Автор — директор центра медиаисследований УНИК
Московские власти справились с угрозой массовых беспорядков 15 декабря. Можно лишь предполагать, какого объема работа была проведена с легальными и неофициальными лидерами этнических сообществ для того, чтобы наиболее организованные из них не вышли на улицу. По ЖЖ видно, что глашатаи «России для русских» торжествуют. Записывают себе бонус. Трактуют события декабря как первую победу «русского сопротивления». Из чего можно сделать вывод, что дело этим не кончится. Горячие кавказские головы будут искать «асимметричный ответ». «Русский марш», со своей стороны, будет готовиться к новым битвам.
Российское общество, очевидно, дрейфует. У этого дрейфа было как бы два такта. Первый такт — от дела Евсюкова до «приморских партизан». Его смысловое ядро заключалось в том, что правоохранительные структуры сильно попортились и требуют реформирования, поскольку не могут одолеть практики насилия и коррупции в собственной среде.
От нападения на Олега Кашина, резни в Кущевской и до Манежной 11 декабря и «Европейского» 15 декабря — второй такт. Его смысловое ядро касается уже падения государства в целом. Насилие лезет везде. Государство больше не является единственным держателем (легитимного) насилия. Возникает образ failed democracy. За полтора года мы прошли путь от пропагандистской брехни об «эффективной демократии», «суверенной демократии» — то есть от образа унылого, но благопристойного полицейского государства — до «веймарской демократии». Тонкая пленка путинской риторики была сдернута с реальности, и реальность предстала во всей своей непритязательности. Не было никакой вертикали, не было «единой России», не было «замирения Кавказа», не было победы силовиков над бандитами, не было отдельных «лихих девяностых». А была, как теперь выясняется, ползучая деградация слабой демократии, выветривание правовой культуры, подгнивание конституционных основ.
И вот перед нами общество, которое уже находится в зоне «веймарского синдрома»: нет сейчас более презираемых в российском обществе слов, чем «демократия», «представительство», «правовое государство», «свобода личности», «толерантность», «свобода слова», «правозащитник» и т. д.. Все они воспринимаются как абсолютно лицемерные. На историческую сцену выходит новое поколение. Легко заметить: 10 лет назад «лимоновцы» воспринимались как экзотические анархисты, не признающие никакой легитимной власти вообще, а только свои собственные формы самоорганизации. Теперь Лимонов может праздновать победу: все общество окончательно распалось на трудно опознаваемые и многочисленные группы, которые признают только власть собственных общин — неважно, дагестанский это клан или сообщество подмосковных скинхедов.

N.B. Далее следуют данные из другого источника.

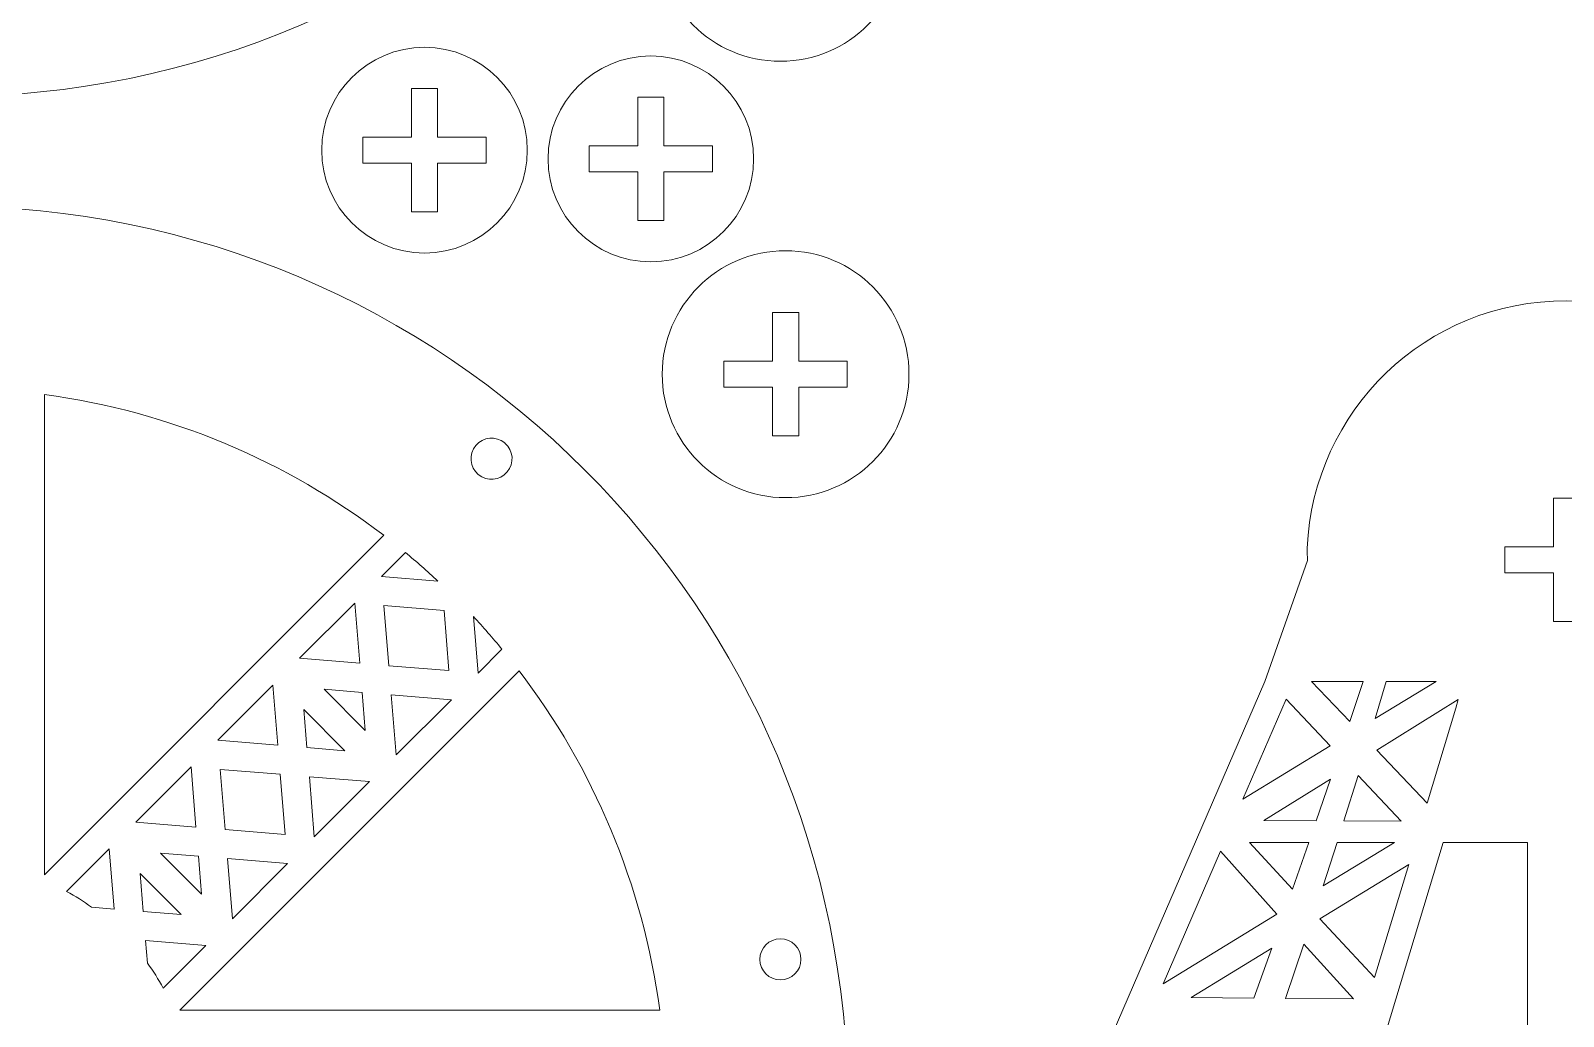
# Model space of a CAD drawing. Header units: millimetres. Extents: x -970 to 970, y -600 to 600.
# Drawn here: x 205.7 to 578.4, y -323.1 to -83.5 of the extents above; entities that cross this region are included whole.
import ezdxf

# ---------------------------------------------------------------- set-up
doc = ezdxf.new("R2010")
doc.units = ezdxf.units.MM
doc.header["$MEASUREMENT"] = 0
doc.layers.add('Camada 1', color=7, linetype='Continuous')

msp = doc.modelspace()

# ---------------------------------------------------------------- linework, layer by layer
at = {"layer": 'Camada 1', "color": 230, "lineweight": 9}
for points, knots in [([(-32.9113, 119.0985), (-32.9113, -1.6723), (64.9923, -99.5767), (185.7621, -99.5775), (185.7621, -99.5775), (306.5329, -99.5784), (404.4373, -1.674), (404.4382, 119.0968), (404.4382, 119.0968), (404.4382, 239.8675), (306.5338, 337.7718), (185.763, 337.7718), (185.763, 337.7718), (64.9931, 337.7718), (-32.9113, 239.8683), (-32.9113, 119.0985)], [0, 0, 0, 0, 0.2, 0.2, 0.2, 0.2, 0.4, 0.4, 0.4, 0.4, 0.6, 0.6, 0.6, 0.6, 1, 1, 1, 1]), ([(387.9927, -90.9812), (404.5611, -90.9813), (417.9926, -77.5499), (417.9927, -60.9813), (417.9927, -60.9813), (417.9927, -44.4128), (404.5613, -30.9813), (387.9928, -30.9813), (387.9928, -30.9813), (371.4243, -30.9813), (357.9928, -44.4127), (357.9928, -60.9812), (357.9928, -60.9812), (357.9928, -77.5496), (371.4242, -90.9811), (387.9927, -90.9812)], [0, 0, 0, 0, 0.2, 0.2, 0.2, 0.2, 0.4, 0.4, 0.4, 0.4, 0.6, 0.6, 0.6, 0.6, 1, 1, 1, 1]), ([(326.4623, -112.5857), (326.4623, -98.7786), (315.2695, -87.5857), (301.4624, -87.5857), (301.4624, -87.5857), (287.6553, -87.5857), (276.4624, -98.7785), (276.4624, -112.5856), (276.4624, -112.5856), (276.4624, -126.3927), (287.6552, -137.5855), (301.4623, -137.5856), (301.4623, -137.5856), (315.2694, -137.5857), (326.4622, -126.3929), (326.4623, -112.5857)], [0, 0, 0, 0, 0.2, 0.2, 0.2, 0.2, 0.4, 0.4, 0.4, 0.4, 0.6, 0.6, 0.6, 0.6, 1, 1, 1, 1]), ([(381.4956, -114.7024), (381.4956, -100.8953), (370.3028, -89.7024), (356.4957, -89.7024), (356.4957, -89.7024), (342.6886, -89.7024), (331.4957, -100.8952), (331.4957, -114.7023), (331.4957, -114.7023), (331.4957, -128.5094), (342.6885, -139.7022), (356.4956, -139.7023), (356.4956, -139.7023), (370.3027, -139.7024), (381.4955, -128.5096), (381.4956, -114.7024)], [0, 0, 0, 0, 0.2, 0.2, 0.2, 0.2, 0.4, 0.4, 0.4, 0.4, 0.6, 0.6, 0.6, 0.6, 1, 1, 1, 1]), ([(304.6374, -109.4107), (304.6374, -109.4107), (316.4624, -109.4107), (316.4624, -109.4107), (316.4624, -109.4107), (316.4624, -109.4107), (316.4624, -115.7607), (316.4624, -115.7607), (316.4624, -115.7607), (316.4624, -115.7607), (304.6374, -115.7607), (304.6374, -115.7607), (304.6374, -115.7607), (304.6374, -115.7607), (304.6374, -127.5857), (304.6374, -127.5857), (304.6374, -127.5857), (304.6374, -127.5857), (298.2874, -127.5857), (298.2874, -127.5857), (298.2874, -127.5857), (298.2874, -127.5857), (298.2874, -115.7607), (298.2874, -115.7607), (298.2874, -115.7607), (298.2874, -115.7607), (286.4624, -115.7607), (286.4624, -115.7607), (286.4624, -115.7607), (286.4624, -115.7607), (286.4624, -109.4107), (286.4624, -109.4107), (286.4624, -109.4107), (286.4624, -109.4107), (298.2874, -109.4107), (298.2874, -109.4107), (298.2874, -109.4107), (298.2874, -109.4107), (298.2874, -97.5857), (298.2874, -97.5857), (298.2874, -97.5857), (298.2874, -97.5857), (304.6374, -97.5857), (304.6374, -97.5857), (304.6374, -97.5857), (304.6374, -97.5857), (304.6374, -109.4107), (304.6374, -109.4107)], [0, 0, 0, 0, 0.07692308, 0.07692308, 0.07692308, 0.07692308, 0.15384615, 0.15384615, 0.15384615, 0.15384615, 0.23076923, 0.23076923, 0.23076923, 0.23076923, 0.30769231, 0.30769231, 0.30769231, 0.30769231, 0.38461538, 0.38461538, 0.38461538, 0.38461538, 0.46153846, 0.46153846, 0.46153846, 0.46153846, 0.53846154, 0.53846154, 0.53846154, 0.53846154, 0.61538462, 0.61538462, 0.61538462, 0.61538462, 0.69230769, 0.69230769, 0.69230769, 0.69230769, 0.76923077, 0.76923077, 0.76923077, 0.76923077, 0.84615385, 0.84615385, 0.84615385, 0.84615385, 1, 1, 1, 1]), ([(359.6707, -111.5274), (359.6707, -111.5274), (371.4957, -111.5274), (371.4957, -111.5274), (371.4957, -111.5274), (371.4957, -111.5274), (371.4957, -117.8774), (371.4957, -117.8774), (371.4957, -117.8774), (371.4957, -117.8774), (359.6707, -117.8774), (359.6707, -117.8774), (359.6707, -117.8774), (359.6707, -117.8774), (359.6707, -129.7024), (359.6707, -129.7024), (359.6707, -129.7024), (359.6707, -129.7024), (353.3207, -129.7024), (353.3207, -129.7024), (353.3207, -129.7024), (353.3207, -129.7024), (353.3207, -117.8774), (353.3207, -117.8774), (353.3207, -117.8774), (353.3207, -117.8774), (341.4957, -117.8774), (341.4957, -117.8774), (341.4957, -117.8774), (341.4957, -117.8774), (341.4957, -111.5274), (341.4957, -111.5274), (341.4957, -111.5274), (341.4957, -111.5274), (353.3207, -111.5274), (353.3207, -111.5274), (353.3207, -111.5274), (353.3207, -111.5274), (353.3207, -99.7024), (353.3207, -99.7024), (353.3207, -99.7024), (353.3207, -99.7024), (359.6707, -99.7024), (359.6707, -99.7024), (359.6707, -99.7024), (359.6707, -99.7024), (359.6707, -111.5274), (359.6707, -111.5274)], [0, 0, 0, 0, 0.07692308, 0.07692308, 0.07692308, 0.07692308, 0.15384615, 0.15384615, 0.15384615, 0.15384615, 0.23076923, 0.23076923, 0.23076923, 0.23076923, 0.30769231, 0.30769231, 0.30769231, 0.30769231, 0.38461538, 0.38461538, 0.38461538, 0.38461538, 0.46153846, 0.46153846, 0.46153846, 0.46153846, 0.53846154, 0.53846154, 0.53846154, 0.53846154, 0.61538462, 0.61538462, 0.61538462, 0.61538462, 0.69230769, 0.69230769, 0.69230769, 0.69230769, 0.76923077, 0.76923077, 0.76923077, 0.76923077, 0.84615385, 0.84615385, 0.84615385, 0.84615385, 1, 1, 1, 1]), ([(-32.9113, -344.8749), (-32.9113, -465.6457), (64.9923, -563.5501), (185.7621, -563.5509), (185.7621, -563.5509), (306.5329, -563.5518), (404.4373, -465.6474), (404.4382, -344.8766), (404.4382, -344.8766), (404.4382, -224.1059), (306.5338, -126.2016), (185.763, -126.2016), (185.763, -126.2016), (64.9931, -126.2016), (-32.9113, -224.1051), (-32.9113, -344.8749)], [0, 0, 0, 0, 0.2, 0.2, 0.2, 0.2, 0.4, 0.4, 0.4, 0.4, 0.6, 0.6, 0.6, 0.6, 1, 1, 1, 1]), ([(389.2627, -197.0261), (405.8311, -197.0262), (419.2626, -183.5948), (419.2627, -167.0262), (419.2627, -167.0262), (419.2627, -150.4577), (405.8313, -137.0262), (389.2628, -137.0262), (389.2628, -137.0262), (372.6943, -137.0262), (359.2628, -150.4576), (359.2628, -167.0261), (359.2628, -167.0261), (359.2628, -183.5945), (372.6942, -197.026), (389.2627, -197.0261)], [0, 0, 0, 0, 0.2, 0.2, 0.2, 0.2, 0.4, 0.4, 0.4, 0.4, 0.6, 0.6, 0.6, 0.6, 1, 1, 1, 1]), ([(392.4378, -170.2012), (392.4378, -170.2012), (392.4378, -182.0261), (392.4378, -182.0261), (392.4378, -182.0261), (392.4378, -182.0261), (386.0878, -182.0261), (386.0878, -182.0261), (386.0878, -182.0261), (386.0878, -182.0261), (386.0878, -170.2012), (386.0878, -170.2012), (386.0878, -170.2012), (386.0878, -170.2012), (374.2628, -170.2012), (374.2628, -170.2012), (374.2628, -170.2012), (374.2628, -170.2012), (374.2628, -163.8512), (374.2628, -163.8512), (374.2628, -163.8512), (374.2628, -163.8512), (386.0878, -163.8512), (386.0878, -163.8512), (386.0878, -163.8512), (386.0878, -163.8512), (386.0878, -152.0262), (386.0878, -152.0262), (386.0878, -152.0262), (386.0878, -152.0262), (392.4378, -152.0262), (392.4378, -152.0262), (392.4378, -152.0262), (392.4378, -152.0262), (392.4378, -163.8512), (392.4378, -163.8512), (392.4378, -163.8512), (392.4378, -163.8512), (404.2627, -163.8512), (404.2627, -163.8512), (404.2627, -163.8512), (404.2627, -163.8512), (404.2627, -170.2012), (404.2627, -170.2012), (404.2627, -170.2012), (404.2627, -170.2012), (392.4378, -170.2012), (392.4378, -170.2012)], [0, 0, 0, 0, 0.07692308, 0.07692308, 0.07692308, 0.07692308, 0.15384615, 0.15384615, 0.15384615, 0.15384615, 0.23076923, 0.23076923, 0.23076923, 0.23076923, 0.30769231, 0.30769231, 0.30769231, 0.30769231, 0.38461538, 0.38461538, 0.38461538, 0.38461538, 0.46153846, 0.46153846, 0.46153846, 0.46153846, 0.53846154, 0.53846154, 0.53846154, 0.53846154, 0.61538462, 0.61538462, 0.61538462, 0.61538462, 0.69230769, 0.69230769, 0.69230769, 0.69230769, 0.76923077, 0.76923077, 0.76923077, 0.76923077, 0.84615385, 0.84615385, 0.84615385, 0.84615385, 1, 1, 1, 1]), ([(209.0351, -171.9832), (239.8011, -176.0851), (268.0262, -188.2108), (291.5487, -206.1799), (291.5487, -206.1799), (291.5487, -206.1799), (209.0351, -288.6935), (209.0351, -288.6935), (209.0351, -288.6935), (209.0351, -288.6935), (209.0351, -171.9832), (209.0351, -171.9832)], [0, 0, 0, 0, 0.25, 0.25, 0.25, 0.25, 0.5, 0.5, 0.5, 0.5, 1, 1, 1, 1]), ([(314.5495, -191.395), (312.4367, -189.6221), (312.1586, -186.4732), (313.9278, -184.3574), (313.9278, -184.3574), (315.697, -182.2416), (318.8453, -181.958), (320.9642, -183.7235), (320.9642, -183.7235), (320.9642, -183.7235), (320.9774, -183.7345), (320.9774, -183.7345), (320.9774, -183.7345), (320.9774, -183.7345), (320.9907, -183.7458), (320.9907, -183.7458), (320.9907, -183.7458), (323.0973, -185.5259), (323.3646, -188.6757), (321.5881, -190.7854), (321.5881, -190.7854), (319.8116, -192.8951), (316.6622, -193.1678), (314.5495, -191.395)], [0, 0, 0, 0, 0.14285714, 0.14285714, 0.14285714, 0.14285714, 0.28571429, 0.28571429, 0.28571429, 0.28571429, 0.42857143, 0.42857143, 0.42857143, 0.42857143, 0.57142857, 0.57142857, 0.57142857, 0.57142857, 0.71428571, 0.71428571, 0.71428571, 0.71428571, 1, 1, 1, 1]), ([(291.0003, -216.1585), (291.0003, -216.1585), (296.8042, -210.3546), (296.8042, -210.3546), (296.8042, -210.3546), (299.5056, -212.5869), (302.1381, -214.8988), (304.6992, -217.2871), (304.6992, -217.2871), (304.6992, -217.2871), (291.0003, -216.1585), (291.0003, -216.1585)], [0, 0, 0, 0, 0.25, 0.25, 0.25, 0.25, 0.5, 0.5, 0.5, 0.5, 1, 1, 1, 1]), ([(271.0941, -236.0647), (271.0941, -236.0647), (284.5112, -222.6476), (284.5112, -222.6476), (284.5112, -222.6476), (284.5112, -222.6476), (285.7159, -237.2694), (285.7159, -237.2694), (285.7159, -237.2694), (285.7159, -237.2694), (271.0941, -236.0647), (271.0941, -236.0647)], [0, 0, 0, 0, 0.25, 0.25, 0.25, 0.25, 0.5, 0.5, 0.5, 0.5, 1, 1, 1, 1]), ([(292.7877, -237.8521), (292.7877, -237.8521), (291.583, -223.2302), (291.583, -223.2302), (291.583, -223.2302), (291.583, -223.2302), (306.2049, -224.4349), (306.2049, -224.4349), (306.2049, -224.4349), (306.2049, -224.4349), (307.4095, -239.0568), (307.4095, -239.0568), (307.4095, -239.0568), (307.4095, -239.0568), (292.7877, -237.8521), (292.7877, -237.8521)], [0, 0, 0, 0, 0.2, 0.2, 0.2, 0.2, 0.4, 0.4, 0.4, 0.4, 0.6, 0.6, 0.6, 0.6, 1, 1, 1, 1]), ([(314.4813, -239.6394), (314.4813, -239.6394), (313.3526, -225.9406), (313.3526, -225.9406), (313.3526, -225.9406), (315.7408, -228.5015), (318.0527, -231.1344), (320.2851, -233.8356), (320.2851, -233.8356), (320.2851, -233.8356), (314.4813, -239.6394), (314.4813, -239.6394)], [0, 0, 0, 0, 0.25, 0.25, 0.25, 0.25, 0.5, 0.5, 0.5, 0.5, 1, 1, 1, 1]), ([(241.9462, -321.6047), (241.9462, -321.6047), (324.4598, -239.0911), (324.4598, -239.0911), (324.4598, -239.0911), (342.4299, -262.6129), (354.5547, -290.839), (358.657, -321.6047), (358.657, -321.6047), (358.657, -321.6047), (241.9462, -321.6047), (241.9462, -321.6047)], [0, 0, 0, 0, 0.25, 0.25, 0.25, 0.25, 0.5, 0.5, 0.5, 0.5, 1, 1, 1, 1]), ([(264.605, -242.5538), (264.605, -242.5538), (265.8098, -257.1757), (265.8098, -257.1757), (265.8098, -257.1757), (265.8098, -257.1757), (251.1878, -255.971), (251.1878, -255.971), (251.1878, -255.971), (251.1878, -255.971), (264.605, -242.5538), (264.605, -242.5538)], [0, 0, 0, 0, 0.25, 0.25, 0.25, 0.25, 0.5, 0.5, 0.5, 0.5, 1, 1, 1, 1]), ([(277.0709, -243.5809), (277.0709, -243.5809), (286.2986, -244.3411), (286.2986, -244.3411), (286.2986, -244.3411), (286.2986, -244.3411), (287.0589, -253.5688), (287.0589, -253.5688), (287.0589, -253.5688), (287.0589, -253.5688), (277.0709, -243.5809), (277.0709, -243.5809)], [0, 0, 0, 0, 0.25, 0.25, 0.25, 0.25, 0.5, 0.5, 0.5, 0.5, 1, 1, 1, 1]), ([(293.3704, -244.9238), (293.3704, -244.9238), (307.9922, -246.1285), (307.9922, -246.1285), (307.9922, -246.1285), (307.9922, -246.1285), (294.575, -259.5457), (294.575, -259.5457), (294.575, -259.5457), (294.575, -259.5457), (293.3704, -244.9238), (293.3704, -244.9238)], [0, 0, 0, 0, 0.25, 0.25, 0.25, 0.25, 0.5, 0.5, 0.5, 0.5, 1, 1, 1, 1]), ([(272.1212, -248.5306), (272.1212, -248.5306), (282.1091, -258.5186), (282.1091, -258.5186), (282.1091, -258.5186), (282.1091, -258.5186), (272.8814, -257.7583), (272.8814, -257.7583), (272.8814, -257.7583), (272.8814, -257.7583), (272.1212, -248.5306), (272.1212, -248.5306)], [0, 0, 0, 0, 0.25, 0.25, 0.25, 0.25, 0.5, 0.5, 0.5, 0.5, 1, 1, 1, 1]), ([(244.6987, -262.4601), (244.6987, -262.4601), (245.9034, -277.0819), (245.9034, -277.0819), (245.9034, -277.0819), (245.9034, -277.0819), (231.2816, -275.8772), (231.2816, -275.8772), (231.2816, -275.8772), (231.2816, -275.8772), (244.6987, -262.4601), (244.6987, -262.4601)], [0, 0, 0, 0, 0.25, 0.25, 0.25, 0.25, 0.5, 0.5, 0.5, 0.5, 1, 1, 1, 1]), ([(251.7705, -263.0427), (251.7705, -263.0427), (266.3923, -264.2474), (266.3923, -264.2474), (266.3923, -264.2474), (266.3923, -264.2474), (267.5971, -278.8692), (267.5971, -278.8692), (267.5971, -278.8692), (267.5971, -278.8692), (252.9752, -277.6645), (252.9752, -277.6645), (252.9752, -277.6645), (252.9752, -277.6645), (251.7705, -263.0427), (251.7705, -263.0427)], [0, 0, 0, 0, 0.2, 0.2, 0.2, 0.2, 0.4, 0.4, 0.4, 0.4, 0.6, 0.6, 0.6, 0.6, 1, 1, 1, 1]), ([(273.4641, -264.8301), (273.4641, -264.8301), (288.086, -266.0348), (288.086, -266.0348), (288.086, -266.0348), (288.086, -266.0348), (274.6688, -279.4519), (274.6688, -279.4519), (274.6688, -279.4519), (274.6688, -279.4519), (273.4641, -264.8301), (273.4641, -264.8301)], [0, 0, 0, 0, 0.25, 0.25, 0.25, 0.25, 0.5, 0.5, 0.5, 0.5, 1, 1, 1, 1]), ([(224.7925, -282.3663), (224.7925, -282.3663), (225.9972, -296.9881), (225.9972, -296.9881), (225.9972, -296.9881), (225.9972, -296.9881), (220.515, -296.5364), (220.515, -296.5364), (220.515, -296.5364), (218.5791, -295.142), (216.5562, -293.8609), (214.4559, -292.7029), (214.4559, -292.7029), (214.4559, -292.7029), (224.7925, -282.3663), (224.7925, -282.3663)], [0, 0, 0, 0, 0.2, 0.2, 0.2, 0.2, 0.4, 0.4, 0.4, 0.4, 0.6, 0.6, 0.6, 0.6, 1, 1, 1, 1]), ([(237.2584, -283.3933), (237.2584, -283.3933), (246.4861, -284.1536), (246.4861, -284.1536), (246.4861, -284.1536), (246.4861, -284.1536), (247.2464, -293.3813), (247.2464, -293.3813), (247.2464, -293.3813), (247.2464, -293.3813), (237.2584, -283.3933), (237.2584, -283.3933)], [0, 0, 0, 0, 0.25, 0.25, 0.25, 0.25, 0.5, 0.5, 0.5, 0.5, 1, 1, 1, 1]), ([(253.5579, -284.7363), (253.5579, -284.7363), (268.1797, -285.941), (268.1797, -285.941), (268.1797, -285.941), (268.1797, -285.941), (254.7626, -299.3582), (254.7626, -299.3582), (254.7626, -299.3582), (254.7626, -299.3582), (253.5579, -284.7363), (253.5579, -284.7363)], [0, 0, 0, 0, 0.25, 0.25, 0.25, 0.25, 0.5, 0.5, 0.5, 0.5, 1, 1, 1, 1]), ([(232.3087, -288.343), (232.3087, -288.343), (242.2967, -298.3311), (242.2967, -298.3311), (242.2967, -298.3311), (242.2967, -298.3311), (233.069, -297.5708), (233.069, -297.5708), (233.069, -297.5708), (233.069, -297.5708), (232.3087, -288.343), (232.3087, -288.343)], [0, 0, 0, 0, 0.25, 0.25, 0.25, 0.25, 0.5, 0.5, 0.5, 0.5, 1, 1, 1, 1]), ([(233.6516, -304.6425), (233.6516, -304.6425), (248.2735, -305.8472), (248.2735, -305.8472), (248.2735, -305.8472), (248.2735, -305.8472), (237.9359, -316.1849), (237.9359, -316.1849), (237.9359, -316.1849), (236.7782, -314.0849), (235.4975, -312.0622), (234.1035, -310.1266), (234.1035, -310.1266), (234.1035, -310.1266), (233.6516, -304.6425), (233.6516, -304.6425)], [0, 0, 0, 0, 0.2, 0.2, 0.2, 0.2, 0.4, 0.4, 0.4, 0.4, 0.6, 0.6, 0.6, 0.6, 1, 1, 1, 1]), ([(392.9994, -309.2169), (392.9994, -311.9783), (390.7608, -314.2168), (387.9994, -314.2168), (387.9994, -314.2168), (385.2379, -314.2168), (382.9994, -311.9782), (382.9994, -309.2169), (382.9994, -309.2169), (382.9994, -306.4555), (385.238, -304.2169), (387.9994, -304.2169), (387.9994, -304.2169), (390.7608, -304.2169), (392.9994, -306.4555), (392.9994, -309.2169)], [0, 0, 0, 0, 0.2, 0.2, 0.2, 0.2, 0.4, 0.4, 0.4, 0.4, 0.6, 0.6, 0.6, 0.6, 1, 1, 1, 1]), ([(185.7632, -319.8765), (199.5703, -319.8765), (210.7632, -331.0694), (210.7632, -344.8765), (210.7632, -344.8765), (210.7631, -358.6836), (199.5702, -369.8765), (185.7631, -369.8764), (185.7631, -369.8764), (171.9561, -369.8763), (160.7633, -358.6834), (160.7633, -344.8763), (160.7633, -344.8763), (160.7633, -331.0693), (171.9562, -319.8765), (185.7632, -319.8765)], [0, 0, 0, 0, 0.2, 0.2, 0.2, 0.2, 0.4, 0.4, 0.4, 0.4, 0.6, 0.6, 0.6, 0.6, 1, 1, 1, 1])]:
    msp.add_open_spline(points, degree=3, knots=knots, dxfattribs=at)
at = {"layer": 'Camada 1', "color": 230, "lineweight": 20}
for points, knots in [([(516.1891, -212.3307), (516.1891, -212.3307), (505.761, -241.686), (505.761, -241.686), (505.761, -241.686), (505.761, -241.686), (445.8391, -380.3067), (445.8391, -380.3067), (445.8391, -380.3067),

А отсюда встает вопрос: чем сильнее в обществе убежденность в нелегитимности власти, чем глубже «яма делегитимации», тем определеннее на другом конце континуума нарастает какая-то иная, новая легитимация. Политическая природа не терпит пустоты. Образовавшаяся яма всегда будет заполняться. Расширяющийся резервуар делегитимации — а в него сейчас вслед за правоохранительными органами осыпаются и другие прибрежные постройки: «Единая Россия», прокуратура, суды, силовики-рейдеры, системная оппозиция, несистемная оппозиция, моральный авторитет педагогики, куски кремлевской стены — заставляет с волнением предполагать, как и кем этот резервуар будет заполняться.
Схватка «русского марша» с кавказцами в Москве — это лишь выражение повисшего в воздухе вопроса о том, что реально связывает территорию под названием Россия после двадцатилетнего перехода от советской системы к иной. Как оказывается, переход из нулевых в десятые — это огромный challenge. Тогда, в нулевые, кремлевские стратеги придумывали единое «советское наследие» (победа в ВОВ, Гагарин, какое-то изгнание поляков из Кремля), играли с селигерской молодежью в антизападничество, пытались пробудить всеобщую оскорбленность то Эстонией, то Украиной. А теперь эти обманки отыграны. Циничная часть публики думает, что в 2011 году опять включат «сурковские разводки» и пиар, начнут орать и топать ногами и как-то протянут это общество через выборы, а там — хоть солнце не вставай. Получится? Видимо, нет. Хорошо забальзамированный труп одного человека может долго лежать на виду. Но труп целого общества на такой гигантской территории вряд ли может лежать дольше десятилетия.
Именно поэтому песня Путина «С чего начинается Родина…» прозвучала анекдотически. Повисла в нервной тишине. Она как-то неуместно смотрится в момент, когда исторический вызов так отчетлив. И все менее понятно, с чего начинается общая родина для кавказцев и «спартачей», для Бекетова и Стрельченко, для предпринимателя Цапка и адвоката Маркелова.